Musk, who was named as TIME's person of the year on Monday, is looking to reverse the apparent damage his rockets have caused, given that they currently use kerosene as fuel, which emits carbon dioxide into the atmosphere at present.
This goes alongside the Xprize Carbon Removal, which was launched earlier this year.
It sees the winner given £80 million for having the best carbon removal technology.
Launching the prize, which officially came into being on April 22, 2021 (also know as Earth Day), he said: “We want to make a truly meaningful impact.
Carbon negativity, not neutrality.
“This is not a theoretical competition; we want teams that will build real systems that can make a measurable impact and scale to a gigaton level.
“Whatever it takes – time is of the essence.”
If Musk's plans to make rocket fuel from carbon dioxide prove a success, then it appears that he is hoping this will help with his long-term plans to colonise Mars.

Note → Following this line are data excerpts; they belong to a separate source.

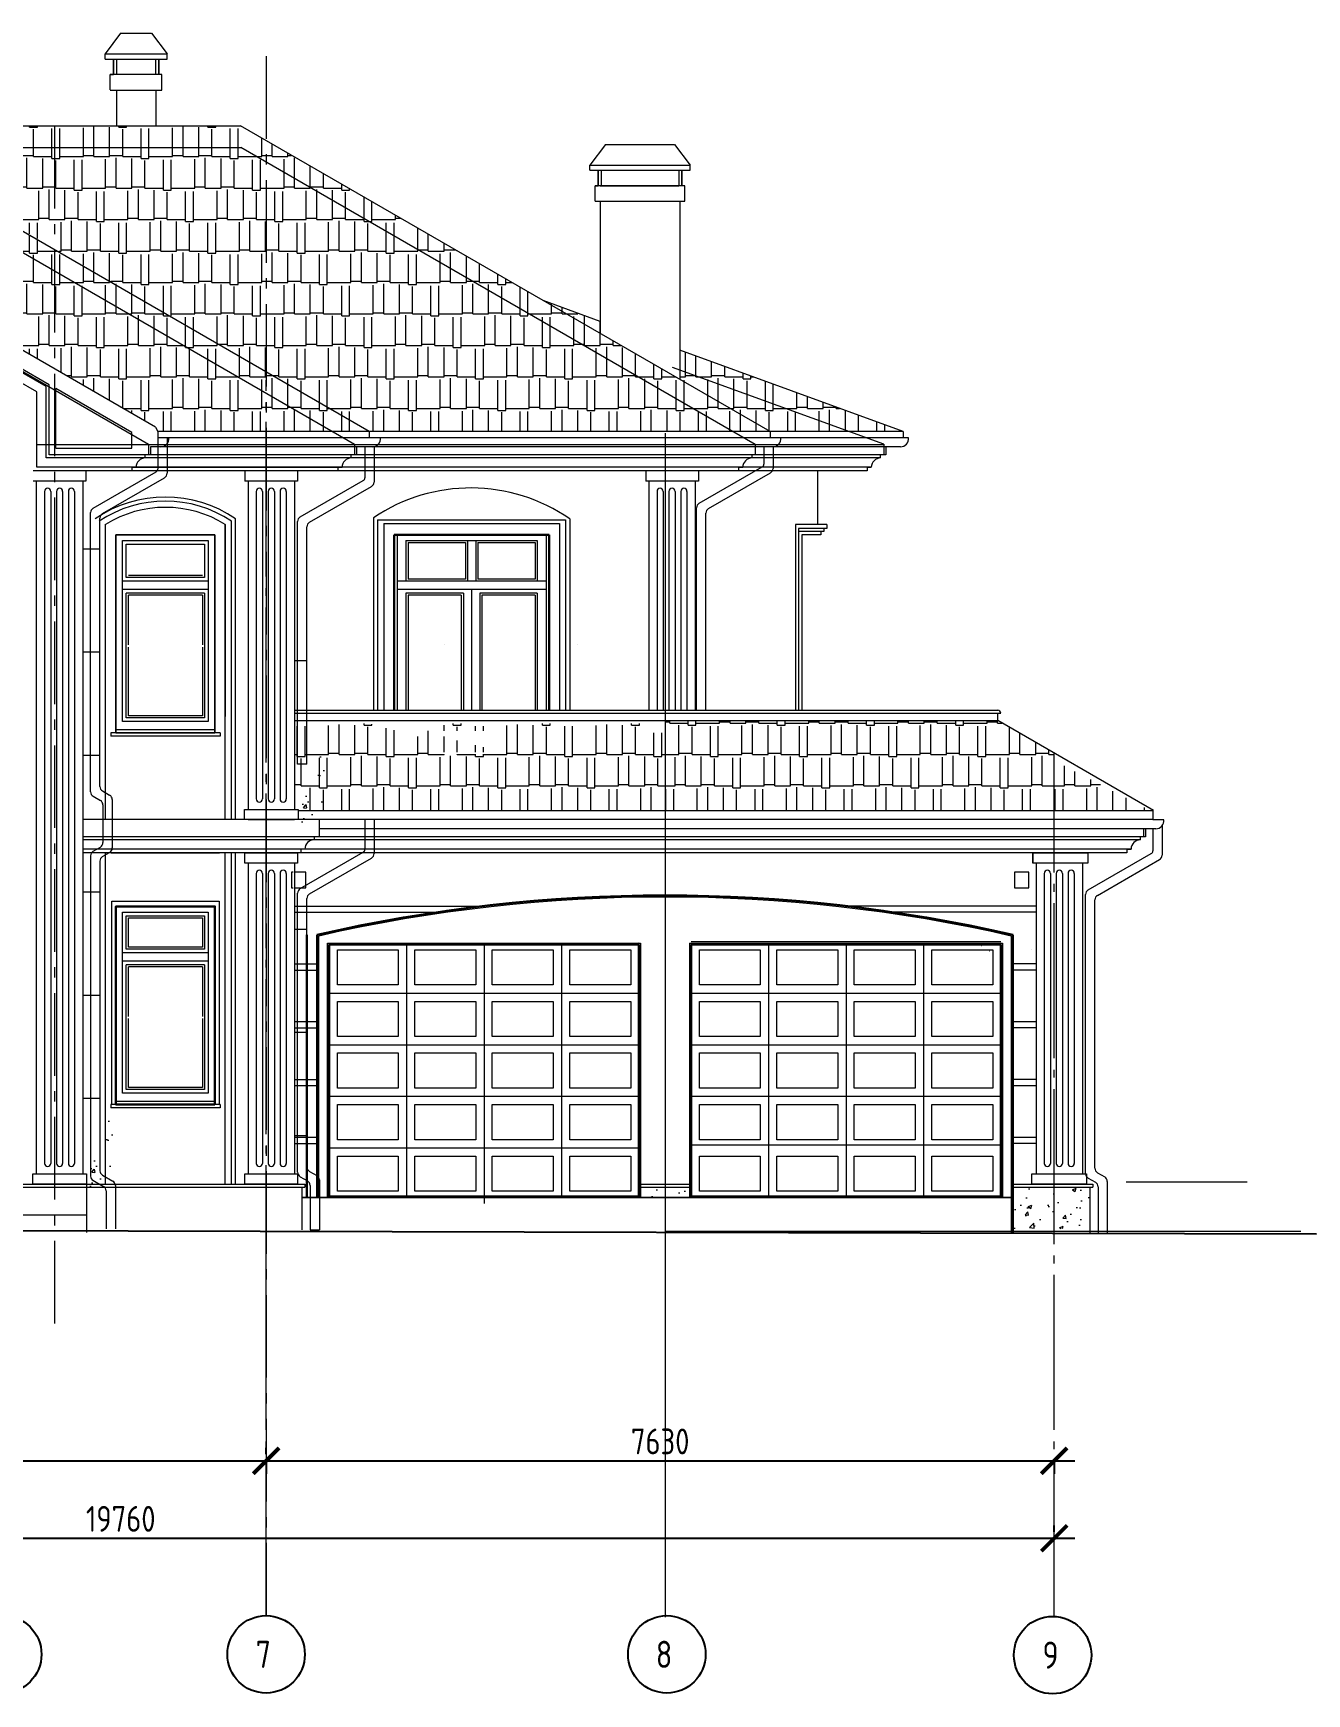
# Model space of a CAD drawing. Header units: millimetres. Extents: x -133165 to 20117, y 15722 to 63536.
# Drawn here: x -119547 to -107216, y 43327 to 59413 of the extents above; entities that cross this region are included whole.
import ezdxf
from ezdxf.enums import TextEntityAlignment as Align

# ---------------------------------------------------------------- set-up
doc = ezdxf.new("R2010")
doc.units = ezdxf.units.MM
doc.header["$PDMODE"] = 3
for name, pattern in [('GOST2.303 5', [24, 20, -1.5, 1, -1.5]), ('GOST2.303 6', [12, 8, -1.5, 1, -1.5]), ('HIDDEN', [9.525, 6.35, -3.175])]:
    doc.linetypes.add(name, pattern=pattern)
doc.layers.get('0').update_dxf_attribs({"lineweight": 15})
doc.layers.get('DefPoints').update_dxf_attribs({"color": 41, "lineweight": 15})
for name, color, linetype, lineweight in [('axis', 7, 'GOST2.303 5', 9), ('doors', 32, 'Continuous', 15), ('friz', 173, 'Continuous', 15), ('wall', 5, 'Continuous', 60)]:
    doc.layers.add(name, color=color, linetype=linetype, lineweight=lineweight)
doc.layers.add('balustrade', color=60, linetype='Continuous')
doc.layers.add('dim', color=250, linetype='Continuous')
doc.styles.add('GOST 2.304', font='CS_Gost2304.shx')
doc.dimstyles.new('SPDS', dxfattribs={"dimscale": 50, "dimtxt": 2.5, "dimasz": 2.5, "dimexe": 1.25, "dimexo": 0.625, "dimtad": 1, "dimdec": 0, "dimrnd": 0.001, "dimtxsty": 'GOST 2.304', "dimblk": 'ARCHTICK', "dimcen": 2.5, "dimdle": 2, "dimadec": 4, "dimazin": 2, "dimtfac": 0.75, "dimtdec": 0, "dimtmove": 1, "dimatfit": 3, "dimfxl": 1, "dimtolj": 1, "dimarcsym": 0})
pattern_1 = [(50, (0, 0), (364.36934, -31.8782), [38.1, -419.1]), (355, (0, 0), (-70.4857, 382.1133), [30.48, -335.28]), (100.451, (30.36, -2.66), (293.885, 350.2334), [32.38, -356.18]), (46.1842, (0, 101.6), (542.1581, -84.0847), [57.15, -628.65]), (96.6356, (45.2, 94.6), (474.8085, 494.8511), [48.57, -534.27]), (351.184, (0, 101.6), (474.8092, 494.8502), [45.72, -502.92]), (21, (50.8, 76.2), (303.22976, -204.53104), [38.1, -419.1]), (326, (50.8, 76.2), (123.6041, 368.3759), [30.48, -335.28]), (71.4514, (76.07, 59.16), (426.833, 163.8457), [32.38, -356.18]), (37.5, (0, 0), (6.1772, 169.11008), [0, -331.216, 0, -340.36, 0, -336.55]), (7.5, (0, 0), (133.63933, 200.36115), [0, -194.056, 0, -323.596, 0, -128.27]), (327.5, (-113.28, 0), (271.18119, -11.45749), [0, -127, 0, -396.24, 0, -525.78]), (317.5, (-164.08, 0), (296.25836, 50.853), [0, -165.1, 0, -263.144, 0, -373.38])]

# ---------------------------------------------------------------- blocks, each defined once
blk = doc.blocks.new('_ArchTick')
at = {"color": 0, "linetype": 'ByBlock', "const_width": 0.15}
blk.add_lwpolyline([(-0.5, -0.5), (0.5, 0.5)], dxfattribs=at)
blk = doc.blocks.new('*D1258')
at = {"layer": 'DefPoints', "color": 0, "lineweight": 0, "ltscale": 10}
for p in [(-129422, 44834), (-109662, 44834), (-109662, 44834)]:
    blk.add_point(p, dxfattribs=at)
at = {"layer": 'dim', "color": 0, "lineweight": -2, "ltscale": 10}
for p, q in [((-129422, 44897), (-129422, 44959)), ((-109662, 44897), (-109662, 44959)), ((-129622, 44834), (-109462, 44834))]:
    blk.add_line(p, q, dxfattribs=at)
at = {"layer": 'dim', "color": 0, "lineweight": -2, "ltscale": 10, "xscale": 250, "yscale": 250, "zscale": 250, "rotation": 180}
blk.add_blockref('_ArchTick', (-129422, 44834), dxfattribs=at)
at = {"layer": 'dim', "color": 0, "lineweight": -2, "ltscale": 10, "xscale": 250, "yscale": 250, "zscale": 250}
blk.add_blockref('_ArchTick', (-109662, 44834), dxfattribs=at)
at = {"layer": 'dim', "color": 0, "ltscale": 10, "insert": (-118700, 45022), "char_height": 250, "attachment_point": 5, "style": 'GOST 2.304'}
blk.add_mtext('\\A1;19760', dxfattribs=at)
blk = doc.blocks.new('*D1260')
at = {"layer": 'DefPoints', "color": 0, "lineweight": 0, "ltscale": 10}
for p in [(-125542, 45584), (-117292, 45647), (-117292, 45584)]:
    blk.add_point(p, dxfattribs=at)
at = {"layer": 'dim', "color": 0, "lineweight": -2, "ltscale": 10}
for p, q in [((-125542, 45647), (-125542, 45709)), ((-125742, 45584), (-117092, 45584)), ((-117292, 45584), (-117292, 45459))]:
    blk.add_line(p, q, dxfattribs=at)
at = {"layer": 'dim', "color": 0, "lineweight": -2, "ltscale": 10, "xscale": 250, "yscale": 250, "zscale": 250, "rotation": 180}
blk.add_blockref('_ArchTick', (-125542, 45584), dxfattribs=at)
at = {"layer": 'dim', "color": 0, "lineweight": -2, "ltscale": 10, "xscale": 250, "yscale": 250, "zscale": 250}
blk.add_blockref('_ArchTick', (-117292, 45584), dxfattribs=at)
at = {"layer": 'dim', "color": 0, "ltscale": 10, "insert": (-121417, 45772), "char_height": 250, "attachment_point": 5, "style": 'GOST 2.304'}
blk.add_mtext('\\A1;8250', dxfattribs=at)
blk = doc.blocks.new('*D1261')
at = {"layer": 'DefPoints', "color": 0, "lineweight": 0, "ltscale": 10}
for p in [(-117292, 45584), (-109662, 45634), (-109662, 45584)]:
    blk.add_point(p, dxfattribs=at)
at = {"layer": 'dim', "color": 0, "lineweight": -2, "ltscale": 10}
for p, q in [((-117292, 45647), (-117292, 45709)), ((-117492, 45584), (-109462, 45584)), ((-109662, 45572), (-109662, 45459))]:
    blk.add_line(p, q, dxfattribs=at)
at = {"layer": 'dim', "color": 0, "lineweight": -2, "ltscale": 10, "xscale": 250, "yscale": 250, "zscale": 250, "rotation": 180}
blk.add_blockref('_ArchTick', (-117292, 45584), dxfattribs=at)
at = {"layer": 'dim', "color": 0, "lineweight": -2, "ltscale": 10, "xscale": 250, "yscale": 250, "zscale": 250}
blk.add_blockref('_ArchTick', (-109662, 45584), dxfattribs=at)
at = {"layer": 'dim', "color": 0, "ltscale": 10, "insert": (-113477, 45772), "char_height": 250, "attachment_point": 5, "style": 'GOST 2.304'}
blk.add_mtext('\\A1;7630', dxfattribs=at)

msp = doc.modelspace()

# ---------------------------------------------------------------- hatches: boundary and pattern name
at = {"ltscale": 10}
h = msp.add_hatch(dxfattribs=at)
h.set_pattern_fill('AR-RSHKE', color=256, style=0)
h.paths.add_polyline_path([(-121381.9, 58514.8), (-116293.5, 55554.7), (-116293.5, 55554.7), (-112413.4, 55554.7), (-117540.2, 58514.7)])
h = msp.add_hatch(dxfattribs=at)
h.set_pattern_fill('AR-RSHKE', color=256, style=0)
h.paths.add_polyline_path([(-121417.4, 58305.1), (-121417.4, 57361.1), (-118362.4, 55597.3), (-118342.4, 55556.2), (-116653.9, 55554.9)])
h.paths.add_polyline_path([(-117640.6, 55913.1), (-117244.4, 56783.4), (-116885.5, 56619.9), (-117281.7, 55749.7)], flags=24)
edge = h.paths.add_edge_path()
edge.add_line((-121418.4, 57361.1), (-121342.4, 57361.1))
edge.add_line((-121417.4, 57361.1), (-121417.4, 57611.1))
edge.add_line((-121361.1, 57593.6), (-120826.7, 57593.6))
edge.add_line((-120826.7, 57593.6), (-120826.7, 57818.6))
edge.add_line((-120826.7, 57818.6), (-121361.1, 57818.6))
edge.add_line((-121361.1, 57818.6), (-121361.1, 57593.6))
edge.add_line((-121417.4, 57611.1), (-120770.5, 57611.1))
edge.add_line((-121531.8, 57496.7), (-121417.4, 57382.4))
edge.add_line((-121417.4, 57382.4), (-121303, 57496.7))
h = msp.add_hatch(dxfattribs=at)
h.set_pattern_fill('AR-RSHKE', color=256, style=0)
h.paths.add_polyline_path([(-116653.4, 55554.7), (-116293.5, 55554.7), (-121057.4, 58305.1), (-121417.4, 58305.1)])
h.paths.add_polyline_path([(-117640.6, 55913.1), (-117244.4, 56783.4), (-116885.5, 56619.9), (-117281.7, 55749.7)], flags=25)
h = msp.add_hatch(dxfattribs=at)
h.set_pattern_fill('AR-RSHKE', color=256, style=0)
h.paths.add_polyline_path([(-114057.4, 56503.8), (-114057.4, 56621.9), (-114610.7, 56823.3)])
h = msp.add_hatch(dxfattribs=at)
h.set_pattern_fill('AR-RSHKE', color=256, style=0)
h.paths.add_polyline_path([(-111651.4, 55554.7), (-111125.1, 55554.7), (-113287.4, 56341.7), (-113287.4, 56150.1)])
h = msp.add_hatch(dxfattribs=at)
h.set_pattern_fill('AR-RSHKE', color=256, style=0)
h.paths.add_polyline_path([(-112413.4, 55554.7), (-111651.4, 55554.7), (-113287.4, 56150.1), (-113287.4, 56059.2)])
h = msp.add_hatch(dxfattribs=at)
h.set_pattern_fill('AR-CONC', color=256, scale=2, style=0)
h.set_pattern_definition([(50, (2049.33, 3530), (364.36934, -31.8782), [38.1, -419.1]), (355, (2049.33, 3530), (-70.4857, 382.1133), [30.48, -335.28]), (100.451, (2079.7, 3527.35), (293.885, 350.2334), [32.38, -356.18]), (46.1842, (2049.33, 3631.6), (542.1581, -84.0847), [57.15, -628.65]), (96.6356, (2094.5, 3624.6), (474.8085, 494.8511), [48.57, -534.27]), (351.184, (2049.33, 3631.6), (474.8092, 494.8502), [45.72, -502.92]), (21, (2100.13, 3606.2), (303.22976, -204.53104), [38.1, -419.1]), (326, (2100.13, 3606.2), (123.6041, 368.3759), [30.48, -335.28]), (71.4514, (2125.4, 3589.16), (426.833, 163.8457), [32.38, -356.18]), (37.5, (2049.33, 3530), (6.1772, 169.11008), [0, -331.216, 0, -340.36, 0, -336.55]), (7.5, (2049.33, 3530), (133.63933, 200.36115), [0, -194.056, 0, -323.596, 0, -128.27]), (327.5, (1936.05, 3530), (271.18119, -11.45749), [0, -127, 0, -396.24, 0, -525.78]), (317.5, (1885.25, 3530), (296.25836, 50.853), [0, -165.1, 0, -263.144, 0, -373.38])])
edge = h.paths.add_edge_path()
edge.add_line((-117018, 51764.8), (-116718, 51764.8))
edge.add_line((-116718, 51764.8), (-116718, 52694.8))
h = msp.add_hatch(dxfattribs=at)
h.set_pattern_fill('AR-RSHKE', color=256, style=0)
h.paths.add_polyline_path([(-113412.4, 51884.8), (-113412.4, 52634.8), (-113587.4, 52634.8), (-113587.4, 52724.8), (-117017.4, 52724.8), (-117017.4, 51884.8)])
edge = h.paths.add_edge_path()
edge.add_line((-116286.6, 52724.8), (-115597.2, 52724.8))
edge.add_line((-115672.2, 52724.8), (-115672.2, 52447))
edge.add_line((-115616, 52429.5), (-115044.1, 52429.5))
edge.add_line((-115044.1, 52429.5), (-115044.1, 52654.5))
edge.add_line((-115044.1, 52654.5), (-115616, 52654.5))
edge.add_line((-115616, 52654.5), (-115616, 52429.5))
edge.add_line((-115672.2, 52447), (-114987.9, 52447))
edge.add_line((-115557.8, 52589.2), (-115672.2, 52703.6))
edge.add_line((-115672.2, 52703.6), (-115786.6, 52589.2))
h = msp.add_hatch(dxfattribs=at)
h.set_pattern_fill('AR-RSHKE', color=256, style=0)
h.set_pattern_definition([(0, (42000, 0), (647.7, 304.8), [152.4, -127, 177.8, -76.2, 228.6, -101.6]), (0, (42152.4, 12.7), (647.7, 304.8), [127, -482.6, 101.6, -152.4]), (0, (42457.2, -19.05), (647.7, 304.8), [76.2, -787.4]), (90, (42000, 0), (-215.9, 304.8), [292.1, -927.1]), (90, (42152.4, 0), (-215.9, 304.8), [285.75, -933.45]), (90, (42279.4, 0), (-215.9, 304.8), [266.7, -952.5]), (90, (42457.2, -19.05), (-215.9, 304.8), [292.1, -927.1]), (90, (42533.4, -19.05), (-215.9, 304.8), [292.1, -927.1]), (90, (42762, 0), (-215.9, 304.8), [279.4, -939.8])])
h.paths.add_polyline_path([(-113429.2, 52639.7), (-113429.2, 51884.8), (-109662.4, 51884.8), (-109662.4, 52208.5), (-110409.2, 52639.7)])
h.paths.add_polyline_path([(-109662.4, 52208.5), (-109662.4, 52439.5), (-110208.5, 52754.8), (-113429.2, 52754.8), (-113429.2, 52639.7), (-110409.2, 52639.7)])
h.paths.add_polyline_path([(-110645.9, 51986), (-110493.9, 52553.5), (-110121.7, 52453.8), (-110273.7, 51886.3)], flags=24)
h = msp.add_hatch(dxfattribs=at)
h.set_pattern_fill('AR-RSHKE', color=256, style=0)
h.paths.add_polyline_path([(-108733.1, 51884.8), (-109662.4, 52367.3), (-109662.4, 51884.8)])
h = msp.add_hatch(dxfattribs=at)
h.set_pattern_fill('AR-CONC', color=256, scale=2, style=0)
h.set_pattern_definition(pattern_1)
edge = h.paths.add_edge_path()
edge.add_line((-119067.4, 48234.8), (-118767.4, 48234.8))
edge.add_line((-118767.4, 48234.8), (-118767.4, 49164.8))
h = msp.add_hatch(dxfattribs=at)
h.set_pattern_fill('AR-CONC', color=256, scale=2, style=0)
h.set_pattern_definition(pattern_1)
h.paths.add_polyline_path([(-113667.3, 48234.8), (-113192.4, 48234.8), (-113192.4, 48134.8), (-113667.3, 48134.8)])
h = msp.add_hatch(dxfattribs=at)
h.set_pattern_fill('AR-CONC', color=256, scale=2, style=0)
h.set_pattern_definition(pattern_1)
h.paths.add_polyline_path([(-110062.4, 48234.8), (-109317.4, 48234.8), (-109317.4, 47834.8), (-110062.4, 47834.8)])

# ---------------------------------------------------------------- linework, layer by layer
for p, q in [((-118701.6, 59413), (-118851.6, 59213)), ((-118701.6, 59413), (-118402.3, 59413)), ((-118402.3, 59413), (-118252, 59212.6)), ((-118851.6, 59163), (-118851.6, 59213)), ((-118851.6, 59213), (-118252.1, 59212.6)), ((-118252, 59162.6), (-118252, 59212.6)), ((-118851.6, 59163), (-118252, 59162.6)), ((-118771.6, 59013), (-118771.6, 59163)), ((-118771.6, 59163), (-118771.6, 59013)), ((-118741.6, 59163), (-118741.6, 59013)), ((-118362, 59162.6), (-118362, 59013)), ((-118332, 59013), (-118332, 59162.6)), ((-118332, 59162.6), (-118332, 59013)), ((-118801.6, 58863), (-118801.6, 59013)), ((-118801.6, 59013), (-118771.6, 59013)), ((-118302, 59013), (-118801.6, 59013)), ((-118302, 58862.6), (-118302, 59013)), ((-118801.6, 58862.6), (-118302, 58862.6)), ((-118741.6, 58862.6), (-118741.6, 58513)), ((-118361.6, 58862.6), (-118361.6, 58513)), ((-116293.5, 55554.7), (-121420.5, 58514.8)), ((-121420.2, 58514.8), (-117540.2, 58514.7)), ((-112413.4, 55554.7), (-117540.5, 58514.8)), ((-116437.4, 55429.9), (-121417.4, 58305.1)), ((-121417.4, 58305.1), (-117537.4, 58305.1)), ((-112557.4, 55429.9), (-117537.4, 58305.1)), ((-114007.1, 58335.2), (-114157.1, 58135.2)), ((-114007.1, 58335.2), (-113337.6, 58334.8)), ((-113337.6, 58334.8), (-113187.6, 58134.8)), ((-114157.1, 58085.2), (-114157.1, 58135.2)), ((-114157.1, 58135.2), (-113187.6, 58134.8)), ((-114157.1, 58085.2), (-113187.6, 58084.8)), ((-114077.1, 57935.2), (-114077.1, 58085.2)), ((-114077.1, 58085.2), (-114077.1, 57935.2)), ((-114047.1, 58085.2), (-114047.1, 57935.2)), ((-113297.4, 58084.8), (-113297.4, 57934.8)), ((-113267.4, 57934.8), (-113267.4, 58084.8)), ((-113267.4, 58084.8), (-113267.4, 57934.8)), ((-113187.6, 58084.8), (-113187.6, 58134.8)), ((-114107.1, 57785.2), (-114107.1, 57935.2)), ((-114107.1, 57935.2), (-114077.1, 57935.2)), ((-113237.6, 57935.2), (-114107.1, 57935.2)), ((-114057.4, 57935.2), (-113297.4, 57935.2)), ((-113237.6, 57784.8), (-113237.6, 57935.2)), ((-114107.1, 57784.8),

His SpaceX company is currently developing a deep-space rocket which could travel to Mars, and take humans there, too.
He has previously claimed that a manned mission to the red plant would take place in just five years time, in 2026.
He is also hoping to be able to drill for natural gas in Texas, which can also be used to power his rockets – thus also filling the void of the US Government's attempts at closing oil fields in the Lone Star state.